Task description: For this listing, the lines between the one holding "MotAg5SinRtOffs1 : Inport" and the one holding "MotVltgQaxFf : Inport", inclusive, must be set down exactly.

════════════════

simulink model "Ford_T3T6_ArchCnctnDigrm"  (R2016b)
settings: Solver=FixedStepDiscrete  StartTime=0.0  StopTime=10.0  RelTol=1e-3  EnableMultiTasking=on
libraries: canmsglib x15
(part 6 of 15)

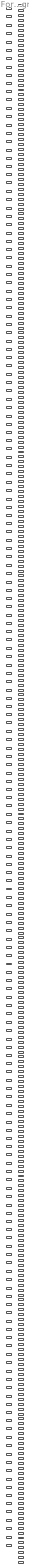
== system Ford_T3T6_ArchCnctnDigrm/Motor Control Manager/AR300FORDA_MotCtrlMgr ==
  AdcDiagcEndPtrOutp : Inport
  AdcDiagcStrtPtrOutp : Inport  Port=2
  BrdgVltg : Inport  Port=3
  CtrlrTFild : Inport  Port=4
  CurrMeasCorrlnSts : Inport  Port=5
  CurrMeasLoaMtgtnEna : Inport  Port=6
  DiagcStsIvtr1Inactv : Inport  Port=7
  DiagcStsIvtr2Inactv : Inport  Port=8
  DualEcuMotCtrlMtgtnEna : Inport  Port=9
  EcuTFild : Inport  Port=10
  HwTq4Raw : Inport  Port=11
  HwTq5Raw : Inport  Port=12
  IvtrFetFltPha : Inport  Port=13
  IvtrFetFltTyp : Inport  Port=14
  IvtrLoaMtgtnEna : Inport  Port=15
  LoopCntr2MilliSec : Inport  Port=16
  MfgEnaSt : Inport  Port=17
  MotAg0ABIFaild : Inport  Port=18
  MotAg0Offs : Inport  Port=19
  MotAg0QepFaild : Inport  Port=20
  MotAg1ABIFaild : Inport  Port=21
  MotAg1Offs : Inport  Port=22
  MotAg1QepFaild : Inport  Port=23
  MotAg2Cos : Inport  Port=24
  MotAg2CosAdcFaild : Inport  Port=25
  MotAg2Sin : Inport  Port=26
  MotAg2SinAdcFaild : Inport  Port=27
  MotAg5CosAdcFaild : Inport  Port=28
  MotAg5CosRtAmpRecpr : Inport  Port=29
  MotAg5CosRtAmpRecpr1 : Inport  Port=30
  MotAg5CosRtOffs : Inport  Port=31
  MotAg5CosRtOffs1 : Inport  Port=32
  MotAg5Polarity : Inport  Port=33
  MotAg5SinAdcFaild : Inport  Port=34
  MotAg5SinRtAmpRecpr : Inport  Port=35
  MotAg5SinRtAmpRecpr1 : Inport  Port=36
  MotAg5SinRtOffs : Inport  Port=37
  MotAg5SinRtOffs1 : Inport  Port=38
  MotAg6CosAdcFaild : Inport  Port=39
  MotAg6CosRtAmpRecpr : Inport  Port=40
  MotAg6CosRtAmpRecpr1 : Inport  Port=41
  MotAg6CosRtOffs : Inport  Port=42
  MotAg6CosRtOffs1 : Inport  Port=43
  MotAg6Polarity : Inport  Port=44
  MotAg6SinAdcFaild : Inport  Port=45
  MotAg6SinRtAmpRecpr : Inport  Port=46
  MotAg6SinRtAmpRecpr1 : Inport  Port=47
  MotAg6SinRtOffs : Inport  Port=48
  MotAg6SinRtOffs1 : Inport  Port=49
  MotAgAMecl : Inport  Port=50
  MotAgAMeclQlfr : Inport  Port=51
  MotAgAMeclRollgCntr : Inport  Port=52
  MotAgBMecl : Inport  Port=53
  MotAgBMeclQlfr : Inport  Port=54
  MotAgBMeclRollgCntr : Inport  Port=55
  MotAgBuf_SigIn : Inport  Port=56
  MotAgCorrd : Inport  Port=57
  MotAgElecDly : Inport  Port=58
  MotAgElecDlyRpl : Inport  Port=59
  MotAgMecl0Polarity : Inport  Port=60
  MotAgMecl1Polarity : Inport  Port=61
  MotAgMeclCorrlnSt : Inport  Port=62
  MotAgMeclCorrlnSts : Inport  Port=63
  MotAgTiBuf_SigIn : Inport  Port=64
  MotAndThermProtnLoaMod : Inport  Port=65
  MotCurrAdcVlyAAdcFaild : Inport  Port=66
  MotCurrAdcVlyBAdcFaild : Inport  Port=67
  MotCurrAdcVlyCAdcFaild : Inport  Port=68
  MotCurrAdcVlyDAdcFaild : Inport  Port=69
  MotCurrAdcVlyEAdcFaild : Inport  Port=70
  MotCurrAdcVlyFAdcFaild : Inport  Port=71
  MotCurrCmd : Inport  Port=72
  MotCurrDaxCmd : Inport  Port=73
  MotCurrDaxMax : Inport  Port=74
  MotCurrEolCalSt : Inport  Port=75
  MotCurrLoaMtgtnEna : Inport  Port=76
  MotCurrQaxCmd : Inport  Port=77
  MotCurrQaxToMotTqGain : Inport  Port=78
  MotDampgDax : Inport  Port=79
  MotDampgQax : Inport  Port=80
  MotElecMeclPolarity : Inport  Port=81
  MotIntglGain : Inport  Port=82
  MotIntglGainDax : Inport  Port=83
  MotIntglGainQax : Inport  Port=84
  MotPropGain : Inport  Port=85
  MotPropGainDax : Inport  Port=86
  MotPropGainQax : Inport  Port=87
  MotREstimd : Inport  Port=88
  MotReacncDax : Inport  Port=89
  MotReacncQax : Inport  Port=90
  MotTqRplCoggOrder1Mgn : Inport  Port=91
  MotTqRplCoggOrder1Pha : Inport  Port=92
  MotTqRplCoggOrder2Mgn : Inport  Port=93
  MotTqRplCoggOrder2Pha : Inport  Port=94
  MotTqRplCoggOrder3Mgn : Inport  Port=95
  MotTqRplCoggOrder3Pha : Inport  Port=96
  MotVelMrf : Inport  Port=97
  MotVltgDaxFf : Inport  Port=98
  MotVltgQaxFf : Inport  Port=99
  PhaDiscnctDiagcActv : Inport  Port=100
  PhaDiscnctDiagcPwmVect : Inport  Port=101
  SampleRdyFlgInp : Inport  Port=102
  StrtUpSt : Inport  Port=103
  SysSt : Inport  Port=104
  VehSpd : Inport  Port=105
  MotCtrlAdc0DynRef : Inport  Port=106
  MotCtrlAdc0SelfDiag0 : Inport  Port=107
  MotCtrlAdc0SelfDiag2 : Inport  Port=108
  MotCtrlAdc0SelfDiag4 : Inport  Port=109
  MotCtrlBattRtnCurrAdcFaild : Inport  Port=110
  MotCtrlBattRtnCurrAmprFastLoop : Inport  Port=111
  MotCtrlBattVltgAdc : Inport  Port=112
  MotCtrlBattVltgAdcFaild : Inport  Port=113
  MotCtrlCmuOffs : Inport  Port=114
  MotCtrlFastLoopCntr : Inport  Port=115
  MotCtrlHwTq0Idx : Inport  Port=116
  MotCtrlHwTq0MissErrCntr : Inport  Port=117
  MotCtrlHwTq0SentComSts : Inport  Port=118
  MotCtrlHwTq0SentData : Inport  Port=119
  MotCtrlHwTq2Idx : Inport  Port=120
  MotCtrlHwTq2MissErrCntr : Inport  Port=121
  MotCtrlHwTq2SentComSts : Inport  Port=122
  MotCtrlHwTq2SentData : Inport  Port=123
  MotCtrlHwTq4Buf : Inport  Port=124
  MotCtrlHwTq4RawAdc : Inport  Port=125
  MotCtrlHwTq4RawAdcFaild : Inport  Port=126
  MotCtrlHwTq4RawFastAdcBuf : Inport  Port=127
  MotCtrlHwTq5Buf : Inport  Port=128
  MotCtrlHwTq5RawAdc : Inport  Port=129
  MotCtrlHwTq5RawAdcFaild : Inport  Port=130
  MotCtrlHwTq5RawFastAdcBuf : Inport  Port=131
  MotCtrlHwTq8Idx : Inport  Port=132
  MotCtrlHwTq8MissErrCntr : Inport  Port=133
  MotCtrlHwTq8SentComSts : Inport  Port=134
  MotCtrlHwTq8SentData : Inport  Port=135
  MotCtrlMotAg0ErrReg : Inport  Port=136
  MotCtrlMotAg0Mecl : Inport  Port=137
  MotCtrlMotAg0MeclRollgCntr : Inport  Port=138
  MotCtrlMotAg0ParFltCnt : Inport  Port=139
  MotCtrlMotAg0RawMecl : Inport  Port=140
  MotCtrlMotAg0SpiMecl : Inport  Port=141
  MotCtrlMotAg0TurnCntrReg : Inport  Port=142
  MotCtrlMotAg0VltgFltCnt : Inport  Port=143
  MotCtrlMotAg0WarnReg : Inport  Port=144
  MotCtrlMotAg1ErrReg : Inport  Port=145
  MotCtrlMotAg1Mecl : Inport  Port=146
  MotCtrlMotAg1MeclRollgCntr : Inport  Port=147
  MotCtrlMotAg1ParFltCnt : Inport  Port=148
  MotCtrlMotAg1RawMecl : Inport  Port=149
  MotCtrlMotAg1SpiMecl : Inport  Port=150
  MotCtrlMotAg1TurnCntrReg : Inport  Port=151
  MotCtrlMotAg1VltgFltCnt : Inport  Port=152
  MotCtrlMotAg1WarnReg : Inport  Port=153
  MotCtrlMotAg3Mecl : Inport  Port=154
  MotCtrlMotAg4Mecl : Inport  Port=155
  MotCtrlMotAg5MeasTi : Inport  Port=156
  MotCtrlMotAg5Mecl : Inport  Port=157
  MotCtrlMotAg5RawMecl : Inport  Port=158
  MotCtrlMotAg6MeasTi : Inport  Port=159
  MotCtrlMotAg6Mecl : Inport  Port=160
  MotCtrlMotAg6RawMecl : Inport  Port=161
  MotCtrlMotAgBufIdx : Inport  Port=162
  MotCtrlMotAgBuf_SigOut : Inport  Port=163
  MotCtrlMotAgCumvAlgndMrfRev : Inport  Port=164
  MotCtrlMotAgCumvInid : Inport  Port=165
  MotCtrlMotAgTiBuf_SigOut : Inport  Port=166
  MotCtrlMotCurrAdcPeakA : Inport  Port=167
  MotCtrlMotCurrAdcPeakB : Inport  Port=168
  MotCtrlMotCurrAdcPeakC : Inport  Port=169
  MotCtrlMotCurrAdcPeakD : Inport  Port=170
  MotCtrlMotCurrAdcPeakE : Inport  Port=171
  MotCtrlMotCurrAdcPeakF : Inport  Port=172
  MotCtrlMotCurrQaxCmdFinal : Inport  Port=173
  MotCtrlMotCurrSnsrOffs1 : Inport  Port=174
  MotCtrlMotCurrSnsrOffs2 : Inport  Port=175
  MotCtrlMotVltg : Inport  Port=176
  MotCtrlMotVltgDaxFild : Inport  Port=177
  MotCtrlMotVltgQaxFild : Inport  Port=178
  MotCtrlNtc5DErrCnt : Inport  Port=179
  MotCtrlNtc6DErrCnt : Inport  Port=180
  MotCtrlRegOutpCSIH1RRA : Inport  Port=181
  MotCtrlSampleRdyFlgOutp : Inport  Port=182
  MotCtrlSlowLoopCntr : Inport  Port=183
  MotCtrlTSG31CMP0E : Inport  Port=184
  MotCtrlTSG31CMP12E : Inport  Port=185
  MotCtrlTSG31CMPUE : Inport  Port=186
  Adc0DynRef : Outport
  Adc0RawRes : Outport  Port=2
  Adc0ScanGroup2Ref0 : Outport  Port=3
  Adc0ScanGroup2Ref1 : Outport  Port=4
  Adc0ScanGroup3Ref0 : Outport  Port=5
  Adc0ScanGroup3Ref1 : Outport  Port=6
  Adc0SelfDiag0 : Outport  Port=7
  Adc0SelfDiag2 : Outport  Port=8
  Adc0SelfDiag4 : Outport  Port=9
  Adc1RawRes : Outport  Port=10
  BattRtnCurrAdc : Outport  Port=11
  BattRtnCurrAdcFaild : Outport  Port=12
  BattRtnCurrAmprFastLoop : Outport  Port=13
  BattVltgAdc : Outport  Port=14
  BattVltgAdcFaild : Outport  Port=15
  CmuOffs : Outport  Port=16
  CurrMeasMotAgCorrd : Outport  Port=17
  CurrMeasWrmIninTestCmpl : Outport  Port=18
  EcuId : Outport  Port=19
  FastLoopCntr : Outport  Port=20
  HwTq0Idx : Outport  Port=21
  HwTq0MissErrCntr : Outport  Port=22
  HwTq0SentComSts : Outport  Port=23
  HwTq0SentData : Outport  Port=24
  HwTq2Idx : Outport  Port=25
  HwTq2MissErrCntr : Outport  Port=26
  HwTq2SentComSts : Outport  Port=27
  HwTq2SentData : Outport  Port=28
  HwTq4Buf : Outport  Port=29
  HwTq4RawAdc : Outport  Port=30
  HwTq4RawAdcFaild : Outport  Port=31
  HwTq4RawFastAdc : Outport  Port=32
  HwTq4RawFastAdcBuf : Outport  Port=33
  HwTq5Buf : Outport  Port=34
  HwTq5RawAdc : Outport  Port=35
  HwTq5RawAdcFaild : Outport  Port=36
  HwTq5RawFastAdc : Outport  Port=37
  HwTq5RawFastAdcBuf : Outport  Port=38
  HwTq8Idx : Outport  Port=39
  HwTq8MissErrCntr : Outport  Port=40
  HwTq8SentComSts : Outport  Port=41
  HwTq8SentData : Outport  Port=42
  MotAg0ErrReg : Outport  Port=43
  MotAg0Mecl : Outport  Port=44
  MotAg0MeclRollgCntr : Outport  Port=45
  MotAg0ParFltCnt : Outport  Port=46
  MotAg0RawMecl : Outport  Port=47
  MotAg0RawRes : Outport  Port=48
  MotAg0SpiMecl : Outport  Port=49
  MotAg0TurnCntrReg : Outport  Port=50
  MotAg0VltgFltCnt : Outport  Port=51
  MotAg0WarnReg : Outport  Port=52
  MotAg1ErrReg : Outport  Port=53
  MotAg1Mecl : Outport  Port=54
  MotAg1MeclRollgCntr : Outport  Port=55
  MotAg1ParFltCnt : Outport  Port=56
  MotAg1RawMecl : Outport  Port=57
  MotAg1RawRes : Outport  Port=58
  MotAg1SpiMecl : Outport  Port=59
  MotAg1TurnCntrReg : Outport  Port=60
  MotAg1VltgFltCnt : Outport  Port=61
  MotAg1WarnReg : Outport  Port=62
  MotAg3Mecl : Outport  Port=63
  MotAg4Mecl : Outport  Port=64
  MotAg5Cos : Outport  Port=65
  MotAg5MeasTi : Outport  Port=66
  MotAg5Mecl : Outport  Port=67
  MotAg5RawMecl : Outport  Port=68
  MotAg5Sin : Outport  Port=69
  MotAg6Cos : Outport  Port=70
  MotAg6MeasTi : Outport  Port=71
  MotAg6Mecl : Outport  Port=72
  MotAg6RawMecl : Outport  Port=73
  MotAg6Sin : Outport  Port=74
  MotAgBuf : Outport  Port=75
  MotAgBufIdx : Outport  Port=76
  MotAgBuf_SigOut : Outport  Port=77
  MotAgCumvAlgndMrfRev : Outport  Port=78
  MotAgCumvInid : Outport  Port=79
  MotAgElec : Outport  Port=80
  MotAgMeasTi : Outport  Port=81
  MotAgMecl : Outport  Port=82
  MotAgTiBuf : Outport  Port=83
  MotAgTiBuf_SigOut : Outport  Port=84
  MotBackEmfVltg : Outport  Port=85
  MotCurr : Outport  Port=86
  MotCurrAdcPeakA : Outport  Port=87
  MotCurrAdcPeakB : Outport  Port=88
  MotCurrAdcPeakC : Outport  Port=89
  MotCurrAdcPeakD : Outport  Port=90
  MotCurrAdcPeakE : Outport  Port=91
  MotCurrAdcPeakF : Outport  Port=92
  MotCurrAdcVlyA : Outport  Port=93
  MotCurrAdcVlyB : Outport  Port=94
  MotCurrAdcVlyC : Outport  Port=95
  MotCurrAdcVlyD : Outport  Port=96
  MotCurrAdcVlyE : Outport  Port=97
  MotCurrAdcVlyF : Outport  Port=98
  MotCurrCorrdA : Outport  Port=99
  MotCurrCorrdB : Outport  Port=100
  MotCurrCorrdC : Outport  Port=101
  MotCurrCorrdD : Outport  Port=102
  MotCurrCorrdE : Outport  Port=103
  MotCurrCorrdF : Outport  Port=104
  MotCurrDax : Outport  Port=105
  MotCurrQax : Outport  Port=106
  MotCurrQaxCmdFinal : Outport  Port=107
  MotCurrQaxCoggCmd : Outport  Port=108
  MotCurrQaxRplCmd : Outport  Port=109
  MotCurrQlfr1 : Outport  Port=110
  MotCurrQlfr2 : Outport  Port=111
  MotCurrRollgCntr1 : Outport  Port=112
  MotCurrRollgCntr2 : Outport  Port=113
  MotCurrSnsrOffs1 : Outport  Port=114
  MotCurrSnsrOffs2 : Outport  Port=115
  MotInduDaxEstimdIvs : Outport  Port=116
  MotInduQaxEstimdIvs : Outport  Port=117
  MotModlnIdx : Outport  Port=118
  MotPhaAdv : Outport  Port=119
  MotVltg : Outport  Port=120
  MotVltgCmdPolarity : Outport  Port=121
  MotVltgDax : Outport  Port=122
  MotVltgDaxFild : Outport  Port=123
  MotVltgQax : Outport  Port=124
  MotVltgQaxFild : Outport  Port=125
  Ntc5DErrCnt : Outport  Port=126
  Ntc6DErrCnt : Outport  Port=127
  PhaOnTiA : Outport  Port=128
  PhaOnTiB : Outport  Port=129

════════════════

Answer box:
  MotAg5SinRtOffs1 : Inport  Port=38
  MotAg6CosAdcFaild : Inport  Port=39
  MotAg6CosRtAmpRecpr : Inport  Port=40
  MotAg6CosRtAmpRecpr1 : Inport  Port=41
  MotAg6CosRtOffs : Inport  Port=42
  MotAg6CosRtOffs1 : Inport  Port=43
  MotAg6Polarity : Inport  Port=44
  MotAg6SinAdcFaild : Inport  Port=45
  MotAg6SinRtAmpRecpr : Inport  Port=46
  MotAg6SinRtAmpRecpr1 : Inport  Port=47
  MotAg6SinRtOffs : Inport  Port=48
  MotAg6SinRtOffs1 : Inport  Port=49
  MotAgAMecl : Inport  Port=50
  MotAgAMeclQlfr : Inport  Port=51
  MotAgAMeclRollgCntr : Inport  Port=52
  MotAgBMecl : Inport  Port=53
  MotAgBMeclQlfr : Inport  Port=54
  MotAgBMeclRollgCntr : Inport  Port=55
  MotAgBuf_SigIn : Inport  Port=56
  MotAgCorrd : Inport  Port=57
  MotAgElecDly : Inport  Port=58
  MotAgElecDlyRpl : Inport  Port=59
  MotAgMecl0Polarity : Inport  Port=60
  MotAgMecl1Polarity : Inport  Port=61
  MotAgMeclCorrlnSt : Inport  Port=62
  MotAgMeclCorrlnSts : Inport  Port=63
  MotAgTiBuf_SigIn : Inport  Port=64
  MotAndThermProtnLoaMod : Inport  Port=65
  MotCurrAdcVlyAAdcFaild : Inport  Port=66
  MotCurrAdcVlyBAdcFaild : Inport  Port=67
  MotCurrAdcVlyCAdcFaild : Inport  Port=68
  MotCurrAdcVlyDAdcFaild : Inport  Port=69
  MotCurrAdcVlyEAdcFaild : Inport  Port=70
  MotCurrAdcVlyFAdcFaild : Inport  Port=71
  MotCurrCmd : Inport  Port=72
  MotCurrDaxCmd : Inport  Port=73
  MotCurrDaxMax : Inport  Port=74
  MotCurrEolCalSt : Inport  Port=75
  MotCurrLoaMtgtnEna : Inport  Port=76
  MotCurrQaxCmd : Inport  Port=77
  MotCurrQaxToMotTqGain : Inport  Port=78
  MotDampgDax : Inport  Port=79
  MotDampgQax : Inport  Port=80
  MotElecMeclPolarity : Inport  Port=81
  MotIntglGain : Inport  Port=82
  MotIntglGainDax : Inport  Port=83
  MotIntglGainQax : Inport  Port=84
  MotPropGain : Inport  Port=85
  MotPropGainDax : Inport  Port=86
  MotPropGainQax : Inport  Port=87
  MotREstimd : Inport  Port=88
  MotReacncDax : Inport  Port=89
  MotReacncQax : Inport  Port=90
  MotTqRplCoggOrder1Mgn : Inport  Port=91
  MotTqRplCoggOrder1Pha : Inport  Port=92
  MotTqRplCoggOrder2Mgn : Inport  Port=93
  MotTqRplCoggOrder2Pha : Inport  Port=94
  MotTqRplCoggOrder3Mgn : Inport  Port=95
  MotTqRplCoggOrder3Pha : Inport  Port=96
  MotVelMrf : Inport  Port=97
  MotVltgDaxFf : Inport  Port=98
  MotVltgQaxFf : Inport  Port=99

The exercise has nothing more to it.